These set of scripts fetch data on Tor exit nodes from the only - as of now - currently known valid and authoritative source: https://check.torproject.org/exit-addresses
Upon downloading the data, it gets inserted into a DB (directory: 'db/') There is a web interface written in python+flask in 'www/'
www/ -> website stuff
db/ DB structure and initial data import mechanisms
data/ data directory
- wget
- postgresql 9.3 or higher
- python
- flask
- webserver such as nginx
See the requirements.txt file in www/tor
$ cd db
$ sudo su
# su - postgresql
$ createuser -s userename
$ psql template1 < db.sql
- Activate any virtualenv or conda environment in case you use that to install the prerequisites.
- Test if fetching the data works:
First, make sure that the newly created user tordb
may access the tables and the DB and add it to the postgresql pg_hba.conf file.
$ ./fetch-tor-list.sh
psql -U tordb tordb_simple
select count(*) from node
you should see a non-zero result.
If it works, you can continue to run this automatically...

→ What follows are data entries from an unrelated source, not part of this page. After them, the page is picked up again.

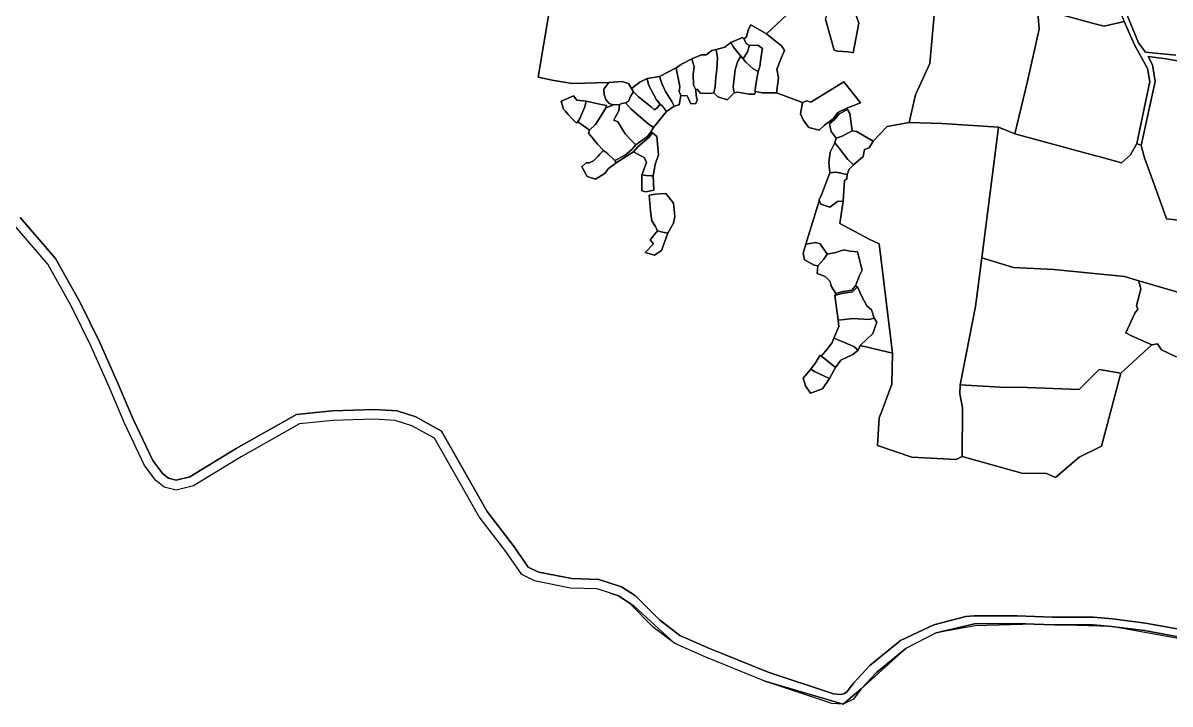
# Model space of a CAD drawing. Extents: x 542555 to 550520, y 1840485 to 1846995.
# Drawn here: x 547501 to 548103, y 1840499 to 1840856 of the extents above; entities that cross this region are included whole.
import ezdxf

# ---------------------------------------------------------------- set-up
doc = ezdxf.new("R2010")
doc.units = 0
doc.layers.add('Level 30', color=7, linetype='Continuous')

msp = doc.modelspace()

# ---------------------------------------------------------------- linework, layer by layer
at = {"layer": 'Level 30'}
for points in [[(548074.4, 1840867.28), (548076.0531, 1840862.9986), (548078.4, 1840856.92), (548067.98, 1840854.49), (548063.0146, 1840855.837), (548032.96, 1840863.99), (548022.35, 1840867.73), (548022.2, 1840877.29), (548030.6, 1840893.18), (548033.62, 1840899.52), (548028.69, 1840913.58), (548019.76, 1840919.07), (548010.96, 1840929.19), (548005.38, 1840940.77), (548005.57, 1840944.68), (548007.74, 1840947.2), (548026.2, 1840961.4), (548038.15, 1840974.83), (548055.9, 1840917.87)], [(548032.96, 1840863.99), (548033.87, 1840852.95), (548027.71, 1840825.75), (548021.08, 1840797.97), (548012.57, 1840801.47), (547982.92, 1840803.43), (547965.71, 1840803.99), (547968.89, 1840818.49), (547976.52, 1840834.91), (547980.04, 1840874.3), (548022.35, 1840867.73)], [(547923.86, 1840864.84), (547926.12, 1840865.01), (547932.81, 1840865.91), (547935.64, 1840866.53), (547939.19, 1840856.12), (547936.25, 1840840.62), (547933.64, 1840841.11), (547928.12, 1840841.45), (547926.37, 1840841.89), (547921.73, 1840858.15)], [(548091.93, 1840825.54), (548085.11, 1840793), (548081.7, 1840787.01), (548077.01, 1840782.85), (548065.14, 1840786.15), (548063.5475, 1840786.5772), (548021.08, 1840797.97), (548027.71, 1840825.75), (548033.87, 1840852.95), (548032.96, 1840863.99), (548063.0146, 1840855.837), (548067.98, 1840854.49), (548078.4, 1840856.92), (548083.83, 1840844.83), (548090.62, 1840832.31)], [(547897.03, 1840827.5), (547896, 1840819.61), (547888.72, 1840819.59), (547884.84, 1840820.21), (547885.05, 1840822.88), (547885.88, 1840827.99), (547886.47, 1840830.84), (547887.28, 1840833.45), (547888.07, 1840838.75), (547888.63, 1840842.83), (547886.19, 1840844.59), (547881.93, 1840844.38), (547880.23, 1840845.25), (547878.93, 1840847.89), (547880.29, 1840848.87), (547881.38, 1840852.91), (547882.59, 1840855.27), (547890.8, 1840850.51), (547898.84, 1840843.98), (547900.25, 1840841.82), (547898.52, 1840837.7), (547896.27, 1840832.04)], [(547878.93, 1840847.89), (547880.23, 1840845.25), (547881.93, 1840844.38), (547880.83, 1840840.99), (547878.63, 1840837.39), (547877.28, 1840838.78), (547873.51, 1840843.49), (547872.09, 1840845.9), (547878.16, 1840848.55)], [(547864.47, 1840842.29), (547865.01, 1840837.97), (547864.73, 1840831.88), (547864.29, 1840827.84), (547863.93, 1840822.93), (547863.21, 1840819.53), (547860.97, 1840819.25), (547856.12, 1840819.38), (547854.36, 1840821.41), (547853.67, 1840821.19), (547852.55, 1840823.66), (547852.41, 1840829.37), (547852.83, 1840833.26), (547851.69, 1840837.33), (547856.69, 1840839.42), (547859.16, 1840839.51), (547862.18, 1840841.74)], [(547873.34, 1840822.62), (547873.9, 1840819.63), (547870.21, 1840815.96), (547865.32, 1840817.4), (547863.21, 1840819.53), (547863.93, 1840822.93), (547864.29, 1840827.84), (547864.73, 1840831.88), (547865.01, 1840837.97), (547864.47, 1840842.29), (547868.99, 1840843.48), (547872.09, 1840845.9), (547873.51, 1840843.49), (547877.28, 1840838.78), (547875.57, 1840835.9), (547874.39, 1840831.56)], [(547881.93, 1840844.38), (547886.19, 1840844.59), (547888.63, 1840842.83), (547888.07, 1840838.75), (547887.28, 1840833.45), (547886.47, 1840830.84), (547883.77, 1840832.2), (547879.92, 1840835.59), (547878.63, 1840837.39), (547880.83, 1840840.99)], [(547849.21, 1840818), (547845.87, 1840818.24), (547845.05, 1840820.3), (547845.3, 1840822.88), (547843.79, 1840830.8), (547843.46, 1840832.61), (547846.15, 1840834.57), (547851.69, 1840837.33), (547852.83, 1840833.26), (547852.41, 1840829.37), (547852.55, 1840823.66), (547853.67, 1840821.19), (547853.87, 1840818.14), (547854.51, 1840815.88), (547853.75, 1840814.01), (547851.17, 1840813.85)], [(547878.63, 1840837.39), (547879.92, 1840835.59), (547883.77, 1840832.2), (547886.47, 1840830.84), (547885.88, 1840827.99), (547885.05, 1840822.88), (547884.84, 1840820.21), (547884.72, 1840818.81), (547881.58, 1840818.79), (547875.78, 1840819.95), (547873.9, 1840819.63), (547873.34, 1840822.62), (547874.39, 1840831.56), (547875.57, 1840835.9), (547877.28, 1840838.78)], [(548165.8, 1840753.57), (548147.08, 1840745.36), (548142.26, 1840752.55), (548138.93, 1840754.12), (548127.61, 1840764.21), (548125.175, 1840762.8655), (548106.91, 1840752.78), (548100.68, 1840753.42), (548096.18, 1840766.29), (548089.07, 1840785.43), (548087.39, 1840791.94), (548094.79, 1840825.49), (548093.36, 1840834.26), (548091, 1840838.6), (548100.55, 1840837.43), (548108.267, 1840836.0515), (548124.79, 1840833.1), (548138.96, 1840828.94), (548140.84, 1840821.73), (548147.06, 1840810.23), (548156.62, 1840793.68), (548156.75, 1840791.19), (548158.91, 1840768.79), (548163.34, 1840759.15)], [(547843.46, 1840832.61), (547843.79, 1840830.8), (547845.3, 1840822.88), (547845.05, 1840820.3), (547845.87, 1840818.24), (547845.06, 1840813.27), (547842.32, 1840812.57), (547841.06, 1840815.09), (547837.89, 1840820.3), (547835.83, 1840824.49), (547834.65, 1840828.21)], [(547820.05, 1840821.88), (547821.04, 1840820.05), (547819.67, 1840817.95), (547818.42, 1840815.25), (547816.79, 1840814.23), (547814.95, 1840814.02), (547813.76, 1840813.4), (547810.56, 1840813.31), (547808.29, 1840814.04), (547806.48, 1840816.06), (547805.68, 1840818.68), (547805.39, 1840821.46), (547808.08, 1840824.95), (547815.15, 1840825.55), (547818.43, 1840824.47)], [(547823.68, 1840817.53), (547821.04, 1840820.05), (547820.05, 1840821.88), (547824.27, 1840825.08), (547828.26, 1840827.11), (547828.82, 1840823.84), (547833.11, 1840815.93), (547835.06, 1840813.55), (547833.58, 1840811.89), (547832.12, 1840810.62), (547830.28, 1840812.15)], [(547842.32, 1840812.57), (547838.29, 1840809.79), (547836.22, 1840812.63), (547835.06, 1840813.55), (547833.11, 1840815.93), (547828.82, 1840823.84), (547828.26, 1840827.11), (547834.65, 1840828.21), (547835.83, 1840824.49), (547837.89, 1840820.3), (547841.06, 1840815.09)], [(547940.16, 1840814.34), (547933.03, 1840811.54), (547928.16, 1840809.16), (547925.94, 1840806.06), (547921.26, 1840802.62), (547918.39, 1840800.03), (547913.05, 1840801.45), (547910.13, 1840805.02), (547908.59, 1840808.47), (547909.67, 1840814.42), (547911.94, 1840815.28), (547914.04, 1840814.63), (547931.41, 1840825.39)], [(547791.78, 1840804.43), (547791.3526, 1840803.9729), (547791.06, 1840803.66), (547788.8994, 1840805.936), (547786.75, 1840808.2), (547785.1421, 1840810.1148), (547784.34, 1840811.07), (547783.07, 1840815.18), (547783.6402, 1840815.4315), (547789.51, 1840818.02), (547791.26, 1840815.78), (547796.22, 1840815.21), (547795.43, 1840812.21), (547792.95, 1840806.11)], [(547835.06, 1840813.55), (547836.22, 1840812.63), (547838.29, 1840809.79), (547836.76, 1840807.93), (547831.54, 1840801.4), (547828.73, 1840803.32), (547819.64, 1840811.18), (547816.79, 1840814.23), (547818.42, 1840815.25), (547819.67, 1840817.95), (547821.04, 1840820.05), (547823.68, 1840817.53), (547830.28, 1840812.15), (547832.12, 1840810.62), (547833.58, 1840811.89)], [(547806.94, 1840812.91), (547806.5, 1840811.61), (547804.81, 1840808.79), (547801.12, 1840802.92), (547798.01, 1840799.9), (547794.02, 1840802.72), (547791.78, 1840804.43), (547792.95, 1840806.11), (547795.43, 1840812.21), (547796.22, 1840815.21), (547804.14, 1840813.5)], [(547813.76, 1840813.4), (547813.31, 1840810.19), (547811.51, 1840806.98), (547810.63, 1840805.29), (547812.85, 1840804.27), (547816.63, 1840798.08), (547819.82, 1840794.68), (547822.26, 1840792.33), (547820.12, 1840789.79), (547816.58, 1840786.87), (547811.23, 1840783.98), (547807.35, 1840787.69), (547805.31, 1840789.38), (547802.08, 1840792.57), (547800.0085, 1840795.1996), (547797.44, 1840798.46), (547797.5733, 1840798.7968), (547798.01, 1840799.9), (547801.12, 1840802.92), (547804.81, 1840808.79), (547806.5, 1840811.61), (547810.56, 1840813.31)], [(547816.79, 1840814.23), (547819.64, 1840811.18), (547828.73, 1840803.32), (547831.54, 1840801.4), (547830.29, 1840799.3), (547828.44, 1840796.57), (547822.26, 1840792.33), (547819.82, 1840794.68), (547816.63, 1840798.08), (547812.85, 1840804.27), (547810.63, 1840805.29), (547811.51, 1840806.98), (547813.31, 1840810.19), (547813.76, 1840813.4), (547814.95, 1840814.02)], [(547933.24, 1840810.74), (547934.53, 1840808.8), (547935.75, 1840799.7), (547930.46, 1840796.85), (547927.43, 1840795.73), (547924.76, 1840799.33), (547923.88, 1840803.25), (547926.57, 1840805.81), (547928.88, 1840808.6)], [(547823.29, 1840791.27), (547820.98, 1840788.67), (547811.97, 1840782.8), (547811.23, 1840783.98), (547816.58, 1840786.87), (547820.12, 1840789.79), (547822.26, 1840792.33), (547828.44, 1840796.57), (547830.29, 1840799.3), (547831.01, 1840798.55), (547829.02, 1840796.04)], [(547832.44, 1840781.95), (547831.33, 1840775.98), (547830.28, 1840776), (547827.61, 1840776.13), (547825.48, 1840776.59), (547827.87, 1840783.06), (547826.82, 1840785.47), (547820.98, 1840788.67), (547823.29, 1840791.27), (547829.02, 1840796.04), (547831.01, 1840798.55), (547833.2, 1840796.7), (547834.09, 1840787.07)], [(547935.75, 1840799.7), (547937.98, 1840799.35), (547946.74, 1840794.24), (547944.65, 1840790.79), (547942.18, 1840789.89), (547941.47, 1840786.11), (547936.5, 1840781.73), (547933.41, 1840784.66), (547928.87, 1840790.49), (547926.61, 1840793.24), (547927.43, 1840795.73), (547930.46, 1840796.85)], [(548012.57, 1840801.47), (548003.81, 1840732.99), (548000.48, 1840707.48), (547992.46, 1840666.29), (547992.3, 1840661.68), (547993.56, 1840654.2), (547993.39, 1840628.69), (547990.32, 1840627.13), (547966.98, 1840628.41), (547949.02, 1840634.52), (547949.99, 1840649.01), (547951.29, 1840652.52), (547956.55, 1840666.67), (547956.99, 1840682.91), (547949.95, 1840740.27), (547944.63, 1840742.81), (547929.29, 1840750.97), (547930.96, 1840762.8), (547931.67, 1840773.57), (547932.92, 1840774.52), (547933.11, 1840776.68), (547934.19, 1840779.5), (547936.5, 1840781.73), (547941.47, 1840786.11), (547942.18, 1840789.89), (547944.65, 1840790.79), (547946.74, 1840794.24), (547954.04, 1840801.82), (547965.71, 1840803.99), (547982.92, 1840803.43)], [(547926.61, 1840793.24), (547928.87, 1840790.49), (547933.41, 1840784.66), (547936.5, 1840781.73), (547934.19, 1840779.5), (547933.11, 1840776.68), (547927.09, 1840777.89), (547924.1, 1840777.57), (547923.44, 1840783.07), (547924.17, 1840788.41)], [(547811.23, 1840783.98), (547811.97, 1840782.8), (547807.78, 1840779.6), (547806.12, 1840777.48), (547801.04, 1840774.24), (547796.68, 1840775.65), (547793.85, 1840780.7), (547796.12, 1840782.88), (547796.7229, 1840782.8339), (547797.69, 1840782.76), (547800.09, 1840783.93), (547802.2851, 1840786.2219), (547803.3547, 1840787.3385), (547805.31, 1840789.38), (547807.35, 1840787.69)], [(547827.45, 1840767.58), (547825.4422, 1840768.1194), (547825.48, 1840776.59), (547827.61, 1840776.13), (547830.28, 1840776), (547831.33, 1840775.98), (547831.72, 1840768.52)], [(547924.1, 1840777.57), (547927.09, 1840777.89), (547933.11, 1840776.68), (547932.92, 1840774.52), (547931.67, 1840773.57), (547930.96, 1840762.8), (547928.1, 1840762.59), (547924.09, 1840759.51), (547919.31, 1840761.2), (547918.4616, 1840763.2182), (547918.36, 1840763.46), (547919.65, 1840766.12)], [(547832.59, 1840749.37), (547833.64, 1840747.24), (547829.72, 1840742.48), (547831.48, 1840740.41), (547827.1, 1840735.71), (547832.1, 1840734.32), (547835.72, 1840736.89), (547839.08, 1840745.89), (547841.99, 1840751.15), (547842.74, 1840754.61), (547841.97, 1840761.68), (547837.95, 1840766.79), (547832.47, 1840766.38), (547829.25, 1840765.78), (547829.96, 1840757.43), (547830.58, 1840752.48)], [(547833.64, 1840747.24), (547832.59, 1840749.37), (547830.58, 1840752.48), (547829.96, 1840757.43), (547829.25, 1840765.78), (547832.47, 1840766.38), (547837.95, 1840766.79), (547841.97, 1840761.68), (547842.74, 1840754.61), (547841.99, 1840751.15), (547839.08, 1840745.89), (547835.57, 1840746.63)], [(547930.96, 1840762.8), (547929.29, 1840750.97), (547944.63, 1840742.81), (547949.95, 1840740.27), (547956.99, 1840682.91), (547939.97, 1840686.93), (547946.51, 1840693.23), (547948.72, 1840699.29), (547947.3, 1840701.37), (547945.95, 1840705.65), (547943.43, 1840707.88), (547940.57, 1840713.03), (547938.47, 1840717.7), (547937.53, 1840718.27), (547939.61, 1840723.74), (547940.97, 1840726.54), (547938.61, 1840736.17), (547934.45, 1840736.56), (547931.39, 1840737.14), (547927.26, 1840735.77), (547922.58, 1840734.94), (547918.93, 1840740.35), (547916.63, 1840741.03), (547911.45, 1840740.08), (547918.36, 1840762.97), (547918.4616, 1840763.2182), (547919.31, 1840761.2), (547924.09, 1840759.51), (547928.1, 1840762.59)], [(547829.72, 1840742.48), (547833.64, 1840747.24), (547835.57, 1840746.63), (547839.08, 1840745.89), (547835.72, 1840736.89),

The execution of fetch-tor-list.sh
is expected to output a lot of error messages like this:
ERROR: duplicate key value violates unique constraint "idx_node_combined"
DETAIL: Key (node_id, ip, exit_address_ts, id_nodetype)=(0011BD2485AD45D984EC4159C88FC066E5E3300E, 162.247.74.201, 2019-08-08 09:12:18+02, 1) already exists.
They can/should be ignored.
$ crontab -l
(...)
# fetch the list once a day at 1:05 A.M.
# m h dom mon dow command
5 01 * * * ( cd /home/your_user/torexitnodes_simple; source venv/bin/activate ; ./fetch-tor-list.sh >/dev/null 2>&1 )
(Note that this assumes you installed the prerequisites via virtual-env).
The built-in webserver of flask is a no-no for production environments. Hence, please follow the great documentation on production setups. The instructions vary depending on which web server you use.